When I bought my car I said I was doing trying to make cars go fast.....I lied....anyone have one with forced induction? How do these things respond to the juice? Someone told me the automatic slushbox can't handle the bottle?


----------



## maximadave (May 5, 2002)

first try a intake by Stillen or JWT. Next get a Y-pipe and a custom cat back exhaust or a Greddy cat back. I would do a valve body mod to your tranny if you plan on running juice. Don't run juice unless you do it. Try Unorthodox underdrive pulleys as well.

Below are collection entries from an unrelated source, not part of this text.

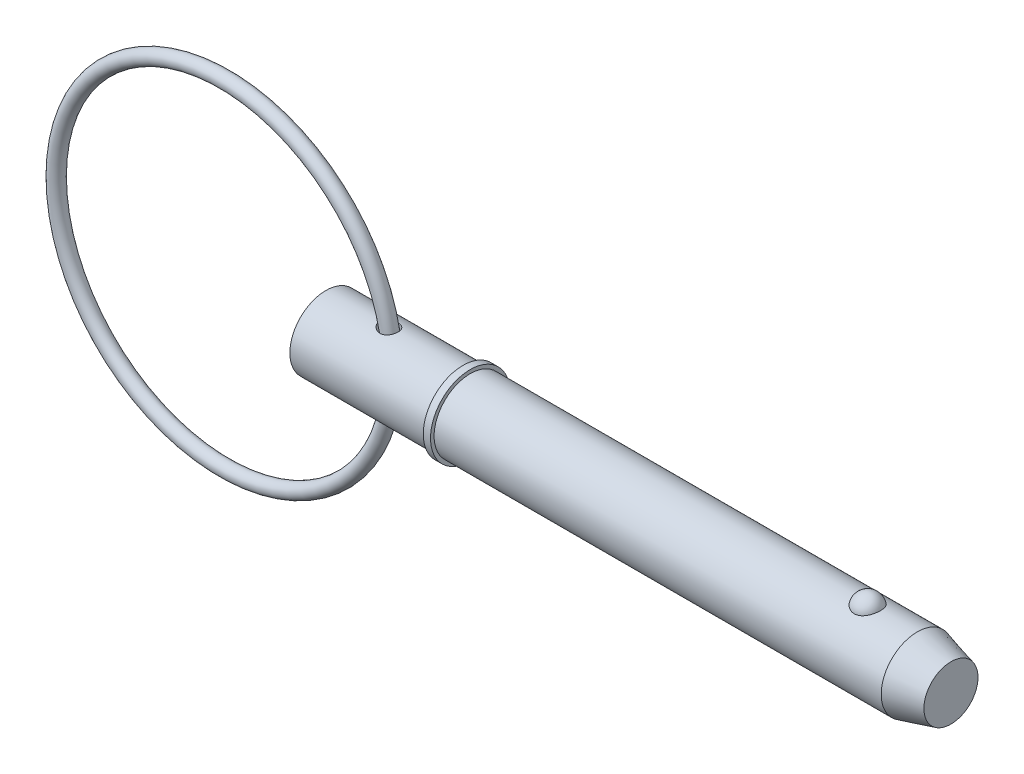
ISO-10303-21;
HEADER;
FILE_DESCRIPTION(('STEP AP214'),'2;1');
FILE_NAME('part.step','',(''),(''),'','','');
FILE_SCHEMA(('AUTOMOTIVE_DESIGN { 1 0 10303 214 1 1 1 1 }'));
ENDSEC;
DATA;
#1=APPLICATION_CONTEXT('core data for automotive mechanical design processes');
#2=APPLICATION_PROTOCOL_DEFINITION('international standard','automotive_design',2000,#1);
#3=PRODUCT_CONTEXT('',#1,'mechanical');
#4=PRODUCT('Part','Part','',(#3));
#5=PRODUCT_RELATED_PRODUCT_CATEGORY('part','',(#4));
#6=PRODUCT_DEFINITION_FORMATION('','',#4);
#7=PRODUCT_DEFINITION_CONTEXT('part definition',#1,'design');
#8=PRODUCT_DEFINITION('design','',#6,#7);
#9=PRODUCT_DEFINITION_SHAPE('','',#8);
#10=(LENGTH_UNIT() NAMED_UNIT(*) SI_UNIT(.MILLI.,.METRE.));
#11=(NAMED_UNIT(*) PLANE_ANGLE_UNIT() SI_UNIT($,.RADIAN.));
#12=(NAMED_UNIT(*) SI_UNIT($,.STERADIAN.) SOLID_ANGLE_UNIT());
#13=UNCERTAINTY_MEASURE_WITH_UNIT(LENGTH_MEASURE(1.E-05),#10,'distance_accuracy_value','');
#14=(GEOMETRIC_REPRESENTATION_CONTEXT(3) GLOBAL_UNCERTAINTY_ASSIGNED_CONTEXT((#13)) GLOBAL_UNIT_ASSIGNED_CONTEXT((#10,
#11,#12)) REPRESENTATION_CONTEXT('',''));
#15=CARTESIAN_POINT('',(0.,0.,0.));
#16=DIRECTION('',(0.,0.,1.));
#17=DIRECTION('',(1.,0.,0.));
#18=AXIS2_PLACEMENT_3D('',#15,#16,#17);
#19=CARTESIAN_POINT('',(-13.4013067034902,0.,0.));
#20=DIRECTION('',(0.,0.,1.));
#21=DIRECTION('',(1.,0.,0.));
#22=AXIS2_PLACEMENT_3D('',#19,#20,#21);
#23=TOROIDAL_SURFACE('',#22,22.225,0.952999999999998);
#24=CARTESIAN_POINT('',(9.77669329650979,0.,0.));
#25=VERTEX_POINT('',#24);
#26=VERTEX_LOOP('',#25);
#27=FACE_BOUND('',#26,.T.);
#28=ADVANCED_FACE('P0_F12',(#27),#23,.T.);
#29=CLOSED_SHELL('',(#28));
#30=MANIFOLD_SOLID_BREP('P0_B1',#29);
#31=CARTESIAN_POINT('',(0.,0.,0.));
#32=DIRECTION('',(1.,0.,0.));
#33=DIRECTION('',(0.,0.,-1.));
#34=AXIS2_PLACEMENT_3D('',#31,#32,#33);
#35=CYLINDRICAL_SURFACE('',#34,4.765);
#36=CARTESIAN_POINT('',(7.48459594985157,4.685973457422,-0.864220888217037));
#37=CARTESIAN_POINT('',(7.53849733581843,4.67711144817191,-0.912273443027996));
#38=CARTESIAN_POINT('',(7.59654891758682,4.66833039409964,-0.955745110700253));
#39=CARTESIAN_POINT('',(7.71924602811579,4.65195567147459,-1.03251233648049));
#40=CARTESIAN_POINT('',(7.78389917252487,4.64436340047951,-1.06579596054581));
#41=CARTESIAN_POINT('',(7.91808098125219,4.63129108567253,-1.12124172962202));
#42=CARTESIAN_POINT('',(7.98761280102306,4.62581242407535,-1.14339659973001));
#43=CARTESIAN_POINT('',(8.12956198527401,4.61771699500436,-1.17566870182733));
#44=CARTESIAN_POINT('',(8.20197774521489,4.61509865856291,-1.18579253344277));
#45=CARTESIAN_POINT('',(8.34550810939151,4.6131791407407,-1.19323853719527));
#46=CARTESIAN_POINT('',(8.41660306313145,4.61378793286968,-1.19090812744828));
#47=CARTESIAN_POINT('',(8.55721866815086,4.61812874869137,-1.17396277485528));
#48=CARTESIAN_POINT('',(8.62673979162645,4.62185982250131,-1.15935156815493));
#49=CARTESIAN_POINT('',(8.75801373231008,4.63172632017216,-1.11925454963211));
#50=CARTESIAN_POINT('',(8.81998342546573,4.63771186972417,-1.09443918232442));
#51=CARTESIAN_POINT('',(8.93863698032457,4.65140179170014,-1.03470792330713));
#52=CARTESIAN_POINT('',(8.99532131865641,4.65910600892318,-0.999792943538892));
#53=CARTESIAN_POINT('',(9.10080884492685,4.67519705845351,-0.921583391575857));
#54=CARTESIAN_POINT('',(9.14973848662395,4.68356861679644,-0.878455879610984));
#55=CARTESIAN_POINT('',(9.23971126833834,4.70019813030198,-0.784620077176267));
#56=CARTESIAN_POINT('',(9.28075401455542,4.7084560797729,-0.733911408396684));
#57=CARTESIAN_POINT('',(9.35441071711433,4.7240688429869,-0.62563775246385));
#58=CARTESIAN_POINT('',(9.38691359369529,4.73141115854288,-0.567995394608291));
#59=CARTESIAN_POINT('',(9.44203216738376,4.74427907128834,-0.447974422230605));
#60=CARTESIAN_POINT('',(9.46464743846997,4.74980459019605,-0.385595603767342));
#61=CARTESIAN_POINT('',(9.49961110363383,4.75848927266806,-0.257248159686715));
#62=CARTESIAN_POINT('',(9.51186382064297,4.76162635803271,-0.191251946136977));
#63=CARTESIAN_POINT('',(9.52545294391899,4.76511165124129,-0.0580729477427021));
#64=CARTESIAN_POINT('',(9.52678936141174,4.76545986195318,0.00910983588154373));
#65=CARTESIAN_POINT('',(9.51851557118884,4.76333054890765,0.142723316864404));
#66=CARTESIAN_POINT('',(9.50891008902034,4.76085424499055,0.209154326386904));
#67=CARTESIAN_POINT('',(9.47899306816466,4.75334441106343,0.339411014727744));
#68=CARTESIAN_POINT('',(9.45868126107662,4.74831081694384,0.403236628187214));
#69=CARTESIAN_POINT('',(9.4078294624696,4.73622777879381,0.526509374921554));
#70=CARTESIAN_POINT('',(9.37728413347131,4.72917728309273,0.585954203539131));
#71=CARTESIAN_POINT('',(9.30671117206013,4.71383320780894,0.698745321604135));
#72=CARTESIAN_POINT('',(9.26668347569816,4.70553961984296,0.752091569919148));
#73=CARTESIAN_POINT('',(9.17821531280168,4.68864637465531,0.851083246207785));
#74=CARTESIAN_POINT('',(9.12978756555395,4.68004719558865,0.896740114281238));
#75=CARTESIAN_POINT('',(9.02575872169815,4.66350833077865,0.97912505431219));
#76=CARTESIAN_POINT('',(8.97015856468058,4.65556855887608,1.01585429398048));
#77=CARTESIAN_POINT('',(8.85409306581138,4.6413534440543,1.0789347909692));
#78=CARTESIAN_POINT('',(8.79369898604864,4.63505812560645,1.10541268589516));
#79=CARTESIAN_POINT('',(8.66918290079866,4.62469916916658,1.1479836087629));
#80=CARTESIAN_POINT('',(8.60506121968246,4.62063533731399,1.1640775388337));
#81=CARTESIAN_POINT('',(8.47537782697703,4.61517348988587,1.18554696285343));
#82=CARTESIAN_POINT('',(8.4098281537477,4.61375835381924,1.19099130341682));
#83=CARTESIAN_POINT('',(8.2786938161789,4.61362908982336,1.19149080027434));
#84=CARTESIAN_POINT('',(8.21310914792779,4.61491539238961,1.18654430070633));
#85=CARTESIAN_POINT('',(8.08152457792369,4.62006017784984,1.16635311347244));
#86=CARTESIAN_POINT('',(8.01557748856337,4.62399895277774,1.15078675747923));
#87=CARTESIAN_POINT('',(7.88704537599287,4.63403793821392,1.10966738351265));
#88=CARTESIAN_POINT('',(7.82446148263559,4.64013886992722,1.08411103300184));
#89=CARTESIAN_POINT('',(7.70057947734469,4.65423592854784,1.02195168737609));
#90=CARTESIAN_POINT('',(7.63957197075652,4.66232221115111,0.984788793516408));
#91=CARTESIAN_POINT('',(7.52457021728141,4.67924552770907,0.900950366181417));
#92=CARTESIAN_POINT('',(7.47057819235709,4.68808279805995,0.854271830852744));
#93=CARTESIAN_POINT('',(7.37028930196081,4.70567913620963,0.751386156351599));
#94=CARTESIAN_POINT('',(7.32416327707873,4.7144333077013,0.695010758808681));
#95=CARTESIAN_POINT('',(7.24276674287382,4.73060166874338,0.574719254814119));
#96=CARTESIAN_POINT('',(7.20749051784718,4.73801656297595,0.510807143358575));
#97=CARTESIAN_POINT('',(7.15148495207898,4.75009927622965,0.381705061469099));
#98=CARTESIAN_POINT('',(7.12994463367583,4.7549169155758,0.31688231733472));
#99=CARTESIAN_POINT('',(7.09904467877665,4.76189692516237,0.184270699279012));
#100=CARTESIAN_POINT('',(7.08967554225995,4.76406136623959,0.116484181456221));
#101=CARTESIAN_POINT('',(7.08394150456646,4.76538257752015,-0.0133529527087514));
#102=CARTESIAN_POINT('',(7.0864533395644,4.76479916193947,-0.0753538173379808));
#103=CARTESIAN_POINT('',(7.10181380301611,4.76127985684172,-0.197993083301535));
#104=CARTESIAN_POINT('',(7.11466291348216,4.75834385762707,-0.258631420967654));
#105=CARTESIAN_POINT('',(7.14973937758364,4.75051877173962,-0.375744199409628));
#106=CARTESIAN_POINT('',(7.17178938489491,4.7456667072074,-0.432274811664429));
#107=CARTESIAN_POINT('',(7.22432962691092,4.73449674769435,-0.54107038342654));
#108=CARTESIAN_POINT('',(7.25481702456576,4.72817934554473,-0.593336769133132));
#109=CARTESIAN_POINT('',(7.31700895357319,4.71588241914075,-0.683642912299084));
#110=CARTESIAN_POINT('',(7.34750058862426,4.7100477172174,-0.722547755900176));
#111=CARTESIAN_POINT('',(7.41288050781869,4.69812059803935,-0.796421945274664));
#112=CARTESIAN_POINT('',(7.44776960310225,4.69202813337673,-0.831390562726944));
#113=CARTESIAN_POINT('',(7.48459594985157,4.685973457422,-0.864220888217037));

You should see some good gains from these mods alone.


----------



## gkesten (Mar 29, 2004)

Thank you...NO JWT stuff...


----------



## LatinMax (Feb 23, 2003)

maximadave said:


> first try a intake by Stillen or JWT. Next get a Y-pipe and a custom cat back exhaust or a Greddy cat back. I would do a valve body mod to your tranny if you plan on running juice. Don't run juice unless you do it. Try Unorthodox underdrive pulleys as well. You should see some good gains from these mods alone.


Don't do the underdrive pulley if you plan on boosting via SC in the near future. Just get the OEM size UP instead. Also on the tranny you need to go with a cooler and the Valve Body Medd to have it try to keep up.
On the tranny making it....that is entirly on how often you boost.


----------